Ask HN: How might the most compact programming language in the world look like? - nadam

I am searching for the limits of programming language compactness. (just for fun, although this can be also interesting in genetic programming)<p>The definition is a bit subjective, but not very much: A programming language is compact, if the program size is small for the typical programs we want to write. (The subjective part is what we call a typical program.)<p>Currently I think that the programming language Joy is the best candidate to be the base for creating the most compact programming language in the world.<p>http://en.wikipedia.org/wiki/Joy_(programming_language)<p>I have quickly defined a variant of Joy, and I have defined an efficient coding scheme for it. (This is still on paper, I did not write it down precisely enough to publish). It turned out that the really necessary tokens of joy can be typically encoded in 3-4 or in the worst case in 5 bits. This means that the quicksort algorithm mentioned in the wikipedia articel is approximatley 9 bytes long.<p>Do you have an idea for an even more compact programming language?

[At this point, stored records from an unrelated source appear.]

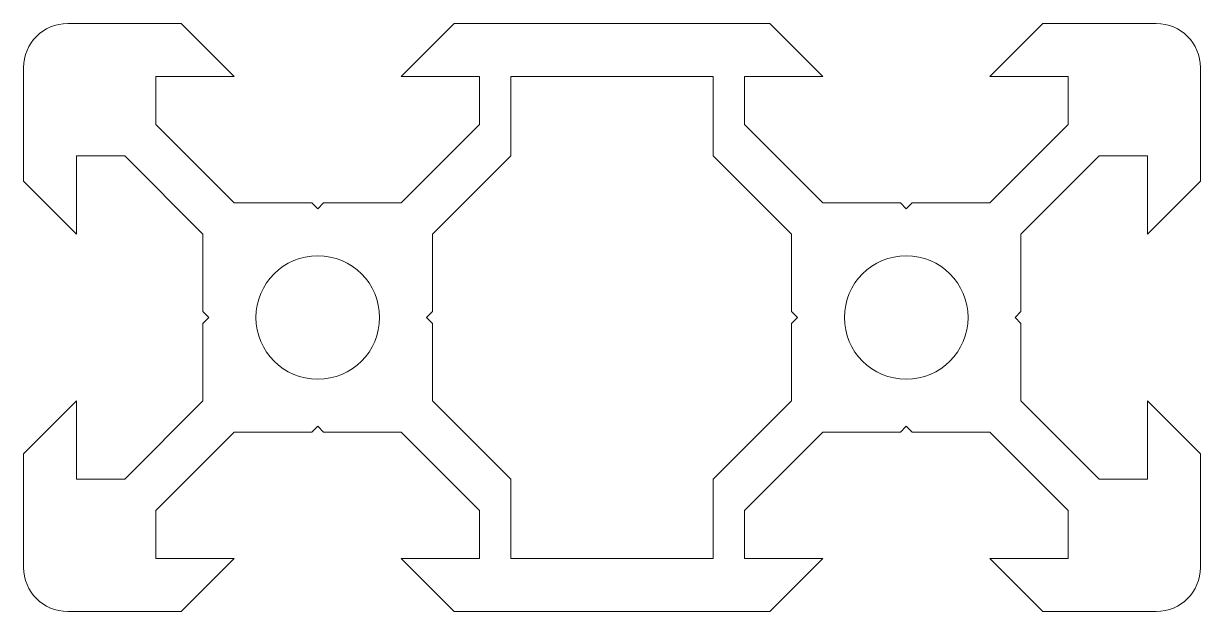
# Model space of a CAD drawing. Extents: x -10 to 30, y -10 to 10.
import ezdxf

# ---------------------------------------------------------------- set-up
doc = ezdxf.new("R2010")
doc.units = 0
doc.layers.get('0').update_dxf_attribs({"linetype": 'CONTINUOUS', "lineweight": 5, "true_color": 0xffffff})

# ---------------------------------------------------------------- blocks, each defined once
blk = doc.blocks.new('block 2')
at = {"color": 7, "true_color": 0xffffff}
for p, q in [((1.981, -0.428), (5.841, -0.428)), ((5.841, -0.428), (7.641, -2.228)), ((15.121, -0.428), (13.321, -2.228)), ((25.841, -0.428), (15.121, -0.428)), ((25.841, -0.428), (27.641, -2.228)), ((35.121, -0.428), (33.321, -2.228)), ((38.981, -0.428), (35.121, -0.428)), ((0.481, -1.928), (0.481, -5.788)), ((40.481, -1.928), (40.481, -5.788)), ((4.981, -2.228), (4.981, -3.868)), ((7.641, -2.228), (4.981, -2.228)), ((13.321, -2.228), (15.98, -2.228)), ((15.98, -2.228), (15.98, -3.868)), ((24.981, -2.228), (24.981, -3.868)), ((27.641, -2.228), (24.981, -2.228)), ((33.321, -2.228), (35.98, -2.228)), ((35.98, -2.228), (35.98, -3.868)), ((4.981, -3.868), (7.641, -6.527)), ((15.98, -3.868), (13.321, -6.527)), ((24.981, -3.868), (27.641, -6.527)), ((35.98, -3.868), (33.321, -6.527)), ((2.281, -4.928), (2.281, -7.588)), ((2.281, -4.928), (3.921, -4.928)), ((3.921, -4.928), (6.58, -7.588)), ((17.041, -4.928), (14.381, -7.588)), ((23.921, -4.928), (26.58, -7.588)), ((37.041, -4.928), (34.381, -7.588)), ((38.681, -4.928), (37.041, -4.928)), ((38.681, -4.928), (38.681, -7.588)), ((0.481, -5.788), (2.281, -7.588)), ((40.481, -5.788), (38.681, -7.588)), ((10.281, -6.527), (7.641, -6.527)), ((10.281, -6.527), (10.481, -6.727)), ((10.681, -6.527), (10.481, -6.727)), ((10.681, -6.527), (13.321, -6.527)), ((30.281, -6.527), (27.641, -6.527)), ((30.281, -6.527), (30.481, -6.727)), ((30.681, -6.527), (30.481, -6.727)), ((30.681, -6.527), (33.321, -6.527)), ((6.58, -7.588), (6.58, -10.228)), ((14.381, -7.588), (14.381, -10.228)), ((26.58, -7.588), (26.58, -10.228)), ((34.381, -7.588), (34.381, -10.228)), ((6.58, -10.228), (6.78, -10.428)), ((14.381, -10.228), (14.181, -10.428)), ((26.58, -10.228), (26.78, -10.428)), ((34.381, -10.228), (34.181, -10.428)), ((6.58, -10.628), (6.78, -10.428)), ((6.58, -13.268), (6.58, -10.628)), ((14.381, -10.628), (14.181, -10.428)), ((14.381, -13.268), (14.381, -10.628)), ((26.58, -10.628), (26.78, -10.428)), ((26.58, -13.268), (26.58, -10.628)), ((34.381, -10.628), (34.181, -10.428)), ((34.381, -13.268), (34.381, -10.628)), ((0.481, -15.068), (2.281, -13.268)), ((2.281, -15.927), (2.281, -13.268)), ((3.921, -15.927), (6.58, -13.268)), ((17.041, -15.927), (14.381, -13.268)), ((23.921, -15.927), (26.58, -13.268)), ((37.041, -15.927), (34.381, -13.268)), ((40.481, -15.068), (38.681, -13.268)), ((38.681, -15.927), (38.681, -13.268)), ((4.981, -16.988), (7.641, -14.328)), ((10.281, -14.328), (7.641, -14.328)), ((10.281, -14.328), (10.481, -14.128)), ((10.681, -14.328), (10.481, -14.128)), ((10.681, -14.328), (13.321, -14.328)), ((15.98, -16.988), (13.321, -14.328)), ((24.981, -16.988), (27.641, -14.328)), ((30.281, -14.328), (27.641, -14.328)), ((30.281, -14.328), (30.481, -14.128)), ((30.681, -14.328), (30.481, -14.128)), ((30.681, -14.328), (33.321, -14.328)), ((35.98, -16.988), (33.321, -14.328)), ((0.481, -18.928), (0.481, -15.068)), ((40.481, -18.928), (40.481, -15.068)), ((2.281, -15.927), (3.921, -15.927)), ((38.681, -15.927), (37.041, -15.927)), ((4.981, -18.628), (4.981, -16.988)), ((15.98, -18.628), (15.98, -16.988)), ((24.981, -18.628), (24.981, -16.988)), ((35.98, -18.628), (35.98, -16.988)), ((7.641, -18.628), (4.981, -18.628)), ((5.841, -20.428), (7.641, -18.628)), ((13.321, -18.628), (15.98, -18.628)), ((15.121, -20.428), (13.321, -18.628)), ((27.641, -18.628), (24.981, -18.628)), ((25.841, -20.428), (27.641, -18.628)), ((33.321, -18.628), (35.98, -18.628)), ((35.121, -20.428), (33.321, -18.628)), ((1.981, -20.428), (5.841, -20.428)), ((25.841, -20.428), (15.121, -20.428)), ((38.981, -20.428), (35.121, -20.428))]:
    blk.add_line(p, q, dxfattribs=at)
for p, q in [((17.041, -2.228), (17.041, -4.928)), ((23.921, -2.228), (17.041, -2.228)), ((23.921, -4.928), (23.921, -2.228)), ((17.041, -4.928), (17.041, -4)), ((17.041, -15.927), (17.041, -18.628)), ((23.921, -15.927), (23.921, -18.628)), ((17.041, -18.628), (23.921, -18.628))]:
    blk.add_line(p, q)
for centre in [(10.481, -10.428), (30.481, -10.428)]:
    blk.add_circle(centre, 2.1, dxfattribs=at)
for centre, start, end in [((1.981, -1.928), 90, 180), ((38.981, -1.928), 0, 90), ((1.981, -18.928), 180, 270), ((38.981, -18.928), 270, 0)]:
    blk.add_arc(centre, 1.5, start, end, dxfattribs=at)

msp = doc.modelspace()

# ---------------------------------------------------------------- block references
msp.add_blockref('block 2', (-10.481, 10.428))

doc.saveas('drawing.dxf')

Do you think that a cleverly encoded Joy-variant is near some theoretical limit of compactness?
======
mbrubeck
Guy Steele knows a bit about language design (having co-invented Scheme and
Fortress, worked on early implementations of TeX and TECO/Emacs, and helped
write the specifications for Java, Common Lisp, ECMAScript, Fortran, and C).
In _Coders at Work_ he says,

 _"There's this Huffman encoding problem. If you make something concise,
something is going to have to be more verbose as a consequence. So in
designing a language, one of the things you think about is, 'What are the
things I want to make very easy to say and very easy to get right?' But with
the understanding that, having used up characters or symbols for that purpose,
you're going to have to make something else a little bit harder to say."_

So it definitely depends on your domain. If you do some of the harder Project
Euler problems and then look in the forums, you can see the same problem
solved by a hundred different programmers with different approaches. The
shortest solutions there are _always_ in APL-family languages like J and K.
But it's partly because those languages are so well-suited to the typical
problems in Project Euler.

If you want to implement a concurrent server for binary network protocol like
memcache, then you'll probably find Erlang a more concise language instead,
because its syntax, its libraries, and the primitives of the Erlang VM are all
better adapted to that domain.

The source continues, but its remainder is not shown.